Zanu PF accused CCC councillors who have been in control of the city council for several years of mismanagement and embezzlement. The CCC, for its part, blamed the central government for interfering in local affairs via Moyo and milking the city of millions of dollars through corrupt land and water deals.

Meanwhile, taxpayers have to bear the brunt of poor service delivery. Experts say the central government holds most of the cards. The law governing local authorities grants more power to the local government minister, including the appointment of council executives, while elected positions, such as mayor, are largely ceremonial.

Eldred Masunungure, a political analyst with the University of Harare, says even though Zimbabwe enshrined local government operations in its 2013 constitution, the reality is that self-governance in local public affairs is sorely lacking.

“This is despite the tedious rhetoric of devolution. The central government interferes so much that it vitiates the whole notion of local governing,” Masunungure tells The Africa Report. “This is especially so in local authorities controlled by the opposition CCC or its predecessor, MDC Alliance. Harare, which has always been won by the opposition since the turn of the century, is the most vulnerable to power being usurped by the central government through the ministry of local Government.”
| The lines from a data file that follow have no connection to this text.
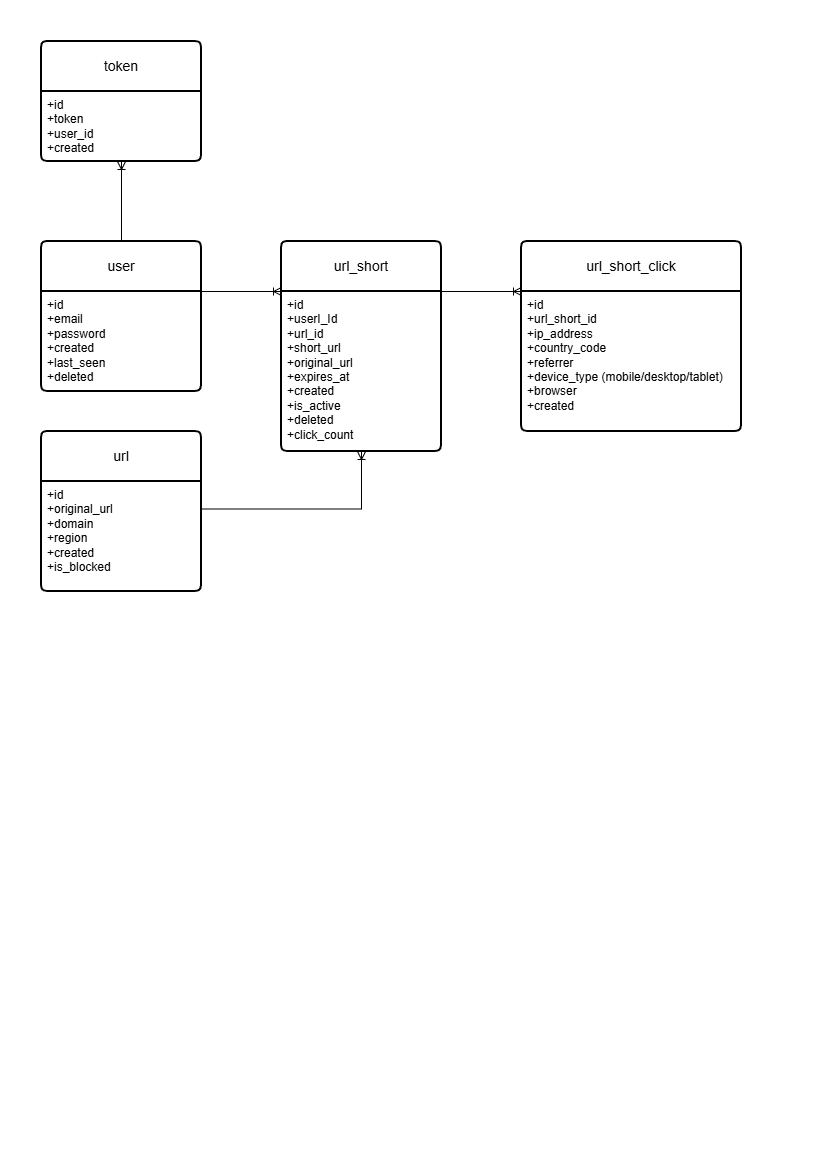

The diagram above was exported from draw.io. Its source (the exported page's mxGraphModel, read from the mxfile embedded in the PNG):
<mxGraphModel dx="1426" dy="743" grid="1" gridSize="10" guides="1" tooltips="1" connect="1" arrows="1" fold="1" page="1" pageScale="1" pageWidth="827" pageHeight="1169" math="0" shadow="0">
  <root>
    <mxCell id="0" />
    <mxCell id="1" parent="0" />
    <mxCell id="ZwmBykXWmnPzWPyFNspo-29" parent="1" style="shape=partialRectangle;connectable=0;fillColor=none;top=0;left=0;bottom=0;right=0;editable=1;overflow=hidden;whiteSpace=wrap;html=1;" value="" vertex="1">
      <mxGeometry height="30" width="30" x="10" y="400" as="geometry">
        <mxRectangle height="30" width="30" as="alternateBounds" />
      </mxGeometry>
    </mxCell>
    <mxCell id="ZwmBykXWmnPzWPyFNspo-30" parent="1" style="swimlane;childLayout=stackLayout;horizontal=1;startSize=50;horizontalStack=0;rounded=1;fontSize=14;fontStyle=0;strokeWidth=2;resizeParent=0;resizeLast=1;shadow=0;dashed=0;align=center;arcSize=4;whiteSpace=wrap;html=1;" value="user" vertex="1">
      <mxGeometry height="150" width="160" x="40" y="240" as="geometry" />
    </mxCell>
    <mxCell id="ZwmBykXWmnPzWPyFNspo-31" parent="ZwmBykXWmnPzWPyFNspo-30" style="align=left;strokeColor=none;fillColor=none;spacingLeft=4;spacingRight=4;fontSize=12;verticalAlign=top;resizable=0;rotatable=0;part=1;html=1;whiteSpace=wrap;" value="+id&lt;br&gt;+email&lt;br&gt;+password&lt;div&gt;+created&lt;/div&gt;&lt;div&gt;+last_seen&lt;/div&gt;&lt;div&gt;+deleted&lt;/div&gt;" vertex="1">
      <mxGeometry height="100" width="160" y="50" as="geometry" />
    </mxCell>
    <mxCell id="ZwmBykXWmnPzWPyFNspo-32" parent="1" style="swimlane;childLayout=stackLayout;horizontal=1;startSize=50;horizontalStack=0;rounded=1;fontSize=14;fontStyle=0;strokeWidth=2;resizeParent=0;resizeLast=1;shadow=0;dashed=0;align=center;arcSize=4;whiteSpace=wrap;html=1;" value="url_short" vertex="1">
      <mxGeometry height="210" width="160" x="280" y="240" as="geometry" />
    </mxCell>
    <mxCell id="ZwmBykXWmnPzWPyFNspo-33" parent="ZwmBykXWmnPzWPyFNspo-32" style="align=left;strokeColor=none;fillColor=none;spacingLeft=4;spacingRight=4;fontSize=12;verticalAlign=top;resizable=0;rotatable=0;part=1;html=1;whiteSpace=wrap;" value="+id&lt;div&gt;+userI_Id&lt;/div&gt;&lt;div&gt;+url_id&lt;br&gt;+&lt;span style=&quot;white-space-collapse: preserve; background-color: transparent; color: light-dark(rgb(0, 0, 0), rgb(255, 255, 255));&quot;&gt;short_url&lt;/span&gt;&lt;/div&gt;&lt;div&gt;&lt;span style=&quot;white-space-collapse: preserve; background-color: transparent; color: light-dark(rgb(0, 0, 0), rgb(255, 255, 255));&quot;&gt;+&lt;/span&gt;&lt;span style=&quot;white-space-collapse: preserve; background-color: transparent; color: light-dark(rgb(0, 0, 0), rgb(255, 255, 255));&quot;&gt;original_url&lt;/span&gt;&lt;/div&gt;&lt;div&gt;+&lt;span style=&quot;white-space-collapse: preserve; background-color: transparent; color: light-dark(rgb(0, 0, 0), rgb(255, 255, 255));&quot;&gt;expires_at&lt;/span&gt;&lt;br&gt;+created&lt;/div&gt;&lt;div&gt;+&lt;span style=&quot;white-space-collapse: preserve; background-color: transparent; color: light-dark(rgb(0, 0, 0), rgb(255, 255, 255));&quot;&gt;is_active&lt;/span&gt;&lt;/div&gt;&lt;div&gt;&lt;span style=&quot;white-space-collapse: preserve;&quot;&gt;+deleted&lt;br&gt;&lt;/span&gt;&lt;div&gt;+click_count&lt;/div&gt;&lt;/div&gt;" vertex="1">
      <mxGeometry height="160" width="160" y="50" as="geometry" />
    </mxCell>
    <mxCell id="ZwmBykXWmnPzWPyFNspo-34" parent="1" style="swimlane;childLayout=stackLayout;horizontal=1;startSize=50;horizontalStack=0;rounded=1;fontSize=14;fontStyle=0;strokeWidth=2;resizeParent=0;resizeLast=1;shadow=0;dashed=0;align=center;arcSize=4;whiteSpace=wrap;html=1;" value="url" vertex="1">
      <mxGeometry height="160" width="160" x="40" y="430" as="geometry" />
    </mxCell>
    <mxCell id="ZwmBykXWmnPzWPyFNspo-35" parent="ZwmBykXWmnPzWPyFNspo-34" style="align=left;strokeColor=none;fillColor=none;spacingLeft=4;spacingRight=4;fontSize=12;verticalAlign=top;resizable=0;rotatable=0;part=1;html=1;whiteSpace=wrap;" value="+id&lt;br&gt;+&lt;span style=&quot;white-space-collapse: preserve; background-color: transparent; color: light-dark(rgb(0, 0, 0), rgb(255, 255, 255));&quot;&gt;original_url&lt;/span&gt;&lt;br&gt;+&lt;span style=&quot;white-space-collapse: preserve; background-color: transparent; color: light-dark(rgb(0, 0, 0), rgb(255, 255, 255));&quot;&gt;domain&lt;/span&gt;&lt;div&gt;+region&lt;/div&gt;&lt;div&gt;+created&lt;/div&gt;&lt;div&gt;+&lt;span style=&quot;white-space-collapse: preserve; background-color: transparent; color: light-dark(rgb(0, 0, 0), rgb(255, 255, 255));&quot;&gt;is_blocked&lt;/span&gt;&lt;/div&gt;" vertex="1">
      <mxGeometry height="110" width="160" y="50" as="geometry" />
    </mxCell>
    <mxCell id="ZwmBykXWmnPzWPyFNspo-36" edge="1" parent="1" source="ZwmBykXWmnPzWPyFNspo-31" style="edgeStyle=entityRelationEdgeStyle;fontSize=12;html=1;endArrow=ERoneToMany;rounded=0;exitX=1;exitY=0;exitDx=0;exitDy=0;entryX=0;entryY=0;entryDx=0;entryDy=0;" target="ZwmBykXWmnPzWPyFNspo-33" value="">
      <mxGeometry height="100" relative="1" width="100" as="geometry">
        <mxPoint x="250" y="330" as="sourcePoint" />
        <mxPoint x="278" y="299" as="targetPoint" />
      </mxGeometry>
    </mxCell>
    <mxCell id="ZwmBykXWmnPzWPyFNspo-38" parent="1" style="swimlane;childLayout=stackLayout;horizontal=1;startSize=50;horizontalStack=0;rounded=1;fontSize=14;fontStyle=0;strokeWidth=2;resizeParent=0;resizeLast=1;shadow=0;dashed=0;align=center;arcSize=4;whiteSpace=wrap;html=1;" value="url_short_click" vertex="1">
      <mxGeometry height="190" width="220" x="520" y="240" as="geometry" />
    </mxCell>
    <mxCell id="ZwmBykXWmnPzWPyFNspo-39" parent="ZwmBykXWmnPzWPyFNspo-38" style="align=left;strokeColor=none;fillColor=none;spacingLeft=4;spacingRight=4;fontSize=12;verticalAlign=top;resizable=0;rotatable=0;part=1;html=1;whiteSpace=wrap;" value="+&lt;span style=&quot;white-space-collapse: preserve; background-color: transparent; color: light-dark(rgb(0, 0, 0), rgb(255, 255, 255));&quot;&gt;id&lt;/span&gt;&lt;br&gt;+&lt;span style=&quot;white-space-collapse: preserve; background-color: transparent; color: light-dark(rgb(0, 0, 0), rgb(255, 255, 255));&quot;&gt;url_short_id&lt;/span&gt;&lt;br&gt;+&lt;span style=&quot;white-space-collapse: preserve; background-color: transparent; color: light-dark(rgb(0, 0, 0), rgb(255, 255, 255));&quot;&gt;ip_address&lt;/span&gt;&lt;div&gt;&lt;span style=&quot;white-space-collapse: preserve; background-color: transparent; color: light-dark(rgb(0, 0, 0), rgb(255, 255, 255));&quot;&gt;+&lt;/span&gt;&lt;span style=&quot;white-space-collapse: preserve; background-color: transparent; color: light-dark(rgb(0, 0, 0), rgb(255, 255, 255));&quot;&gt;country_code&lt;/span&gt;&lt;/div&gt;&lt;div&gt;&lt;span style=&quot;white-space-collapse: preserve; background-color: transparent; color: light-dark(rgb(0, 0, 0), rgb(255, 255, 255));&quot;&gt;+&lt;/span&gt;&lt;span style=&quot;white-space-collapse: preserve; background-color: transparent; color: light-dark(rgb(0, 0, 0), rgb(255, 255, 255));&quot;&gt;referrer&lt;/span&gt;&lt;/div&gt;&lt;div&gt;&lt;span style=&quot;white-space-collapse: preserve; background-color: transparent; color: light-dark(rgb(0, 0, 0), rgb(255, 255, 255));&quot;&gt;+&lt;/span&gt;&lt;span style=&quot;white-space-collapse: preserve; background-color: transparent; color: light-dark(rgb(0, 0, 0), rgb(255, 255, 255));&quot;&gt;device_type (mobile/desktop/tablet)&lt;/span&gt;&lt;/div&gt;&lt;div&gt;&lt;span style=&quot;white-space-collapse: preserve; background-color: transparent; color: light-dark(rgb(0, 0, 0), rgb(255, 255, 255));&quot;&gt;+&lt;/span&gt;&lt;span style=&quot;white-space-collapse: preserve; background-color: transparent; color: light-dark(rgb(0, 0, 0), rgb(255, 255, 255));&quot;&gt;browser&lt;/span&gt;&lt;/div&gt;&lt;div&gt;&lt;span style=&quot;white-space-collapse: preserve; background-color: transparent; color: light-dark(rgb(0, 0, 0), rgb(255, 255, 255));&quot;&gt;+created&lt;/span&gt;&lt;/div&gt;" vertex="1">
      <mxGeometry height="140" width="220" y="50" as="geometry" />
    </mxCell>
    <mxCell id="ZwmBykXWmnPzWPyFNspo-40" edge="1" parent="1" source="ZwmBykXWmnPzWPyFNspo-33" style="edgeStyle=entityRelationEdgeStyle;fontSize=12;html=1;endArrow=ERoneToMany;rounded=0;exitX=1;exitY=0;exitDx=0;exitDy=0;entryX=0;entryY=0;entryDx=0;entryDy=0;" target="ZwmBykXWmnPzWPyFNspo-39" value="">
      <mxGeometry height="100" relative="1" width="100" as="geometry">
        <mxPoint x="530" y="310" as="sourcePoint" />
        <mxPoint x="480" y="280" as="targetPoint" />
      </mxGeometry>
    </mxCell>
    <mxCell id="ZwmBykXWmnPzWPyFNspo-42" parent="1" style="swimlane;childLayout=stackLayout;horizontal=1;startSize=50;horizontalStack=0;rounded=1;fontSize=14;fontStyle=0;strokeWidth=2;resizeParent=0;resizeLast=1;shadow=0;dashed=0;align=center;arcSize=4;whiteSpace=wrap;html=1;" value="token" vertex="1">
      <mxGeometry height="120" width="160" x="40" y="40" as="geometry" />
    </mxCell>
    <mxCell id="ZwmBykXWmnPzWPyFNspo-43" parent="ZwmBykXWmnPzWPyFNspo-42" style="align=left;strokeColor=none;fillColor=none;spacingLeft=4;spacingRight=4;fontSize=12;verticalAlign=top;resizable=0;rotatable=0;part=1;html=1;whiteSpace=wrap;" value="+id&lt;br&gt;+token&lt;div&gt;+user_id&lt;br&gt;&lt;div&gt;+created&lt;/div&gt;&lt;/div&gt;" vertex="1">
      <mxGeometry height="70" width="160" y="50" as="geometry" />
    </mxCell>
    <mxCell id="ZwmBykXWmnPzWPyFNspo-44" edge="1" parent="1" source="ZwmBykXWmnPzWPyFNspo-30" style="fontSize=12;html=1;endArrow=ERoneToMany;rounded=0;edgeStyle=elbowEdgeStyle;elbow=vertical;exitX=0.5;exitY=0;exitDx=0;exitDy=0;" value="">
      <mxGeometry height="100" relative="1" width="100" as="geometry">
        <Array as="points" />
        <mxPoint x="120" y="237.36" as="sourcePoint" />
        <mxPoint x="120" y="160" as="targetPoint" />
      </mxGeometry>
    </mxCell>
    <mxCell id="ZwmBykXWmnPzWPyFNspo-37" edge="1" parent="1" source="ZwmBykXWmnPzWPyFNspo-35" style="edgeStyle=elbowEdgeStyle;fontSize=12;html=1;endArrow=ERoneToMany;rounded=0;entryX=0.5;entryY=1;entryDx=0;entryDy=0;exitX=1;exitY=0.25;exitDx=0;exitDy=0;" target="ZwmBykXWmnPzWPyFNspo-33" value="">
      <mxGeometry height="100" relative="1" width="100" as="geometry">
        <Array as="points">
          <mxPoint x="360" y="450" />
        </Array>
        <mxPoint x="270" y="410" as="sourcePoint" />
        <mxPoint x="350" y="410" as="targetPoint" />
      </mxGeometry>
    </mxCell>
  </root>
</mxGraphModel>

CCC councillors have been sidelined through dubious directives in order for them not to rock the corruption boat

The issue predates the Mnangagwa era and was also true under President Robert Mugabe’s long reign. “Councillors have more ceremonial than substantive power,” he says, “and the councils they theoretically control have been reduced to hollow institutions.”

Masunungure says corruption and patronage are the driving force behind the government’s interference. He called the controversial Pomona waste-to-energy contract a prime example of a murky deal.

“CCC councillors have been sidelined through dubious directives in order for them not to rock the corruption boat,” he says. “In short, the motivation is not so much to decimate the opposition per se, but to ensure that opposition councillors do not undermine the shadowy, corruption-ridden deals.”

Kudakwashe Munemo, a political analyst,  says Moyo’s interference aims both to sabotage the opposition and protect shady land and procurement deals. “Without checks and balances, they will have their say in how the local authority is run and afterwards blame it on the CCC,” he says.

Meanwhile, a Harare North legislator, Norman Markham, has challenged the Pomona project at the High Court in a bid to have it declared null and void.

Fight for control

Masunungure expects Zanu PF to increase its efforts to take charge of all CCC-led urban areas as the country heads toward the 2023 elections.

Recently, the ruling party has been bringing development projects to high-density suburbs in Harare to make President Mnangagwa look good to residents.

The ministry of transport and infrastructural development has been resurfacing and rehabilitating some of the major tarred roads in Harare.

During the March by-election campaign, Zanu PF introduced a presidential scheme that drilled about 20 boreholes to get clean water to residents of Chitungwiza, a dormitory town about 30km (20 miles) from Harare.

The objective, Munemo says, is to make the Zanu PF look like the “messiah” while the MCC comes off as incompetent in the eyes of voters.

“The [clamour] for supreme control of the councils is of course more intensive and vicious in Harare than elsewhere,” says Masunungure. “There are rich pickings to be had from controlling urban councils, and this is especially so in Harare.”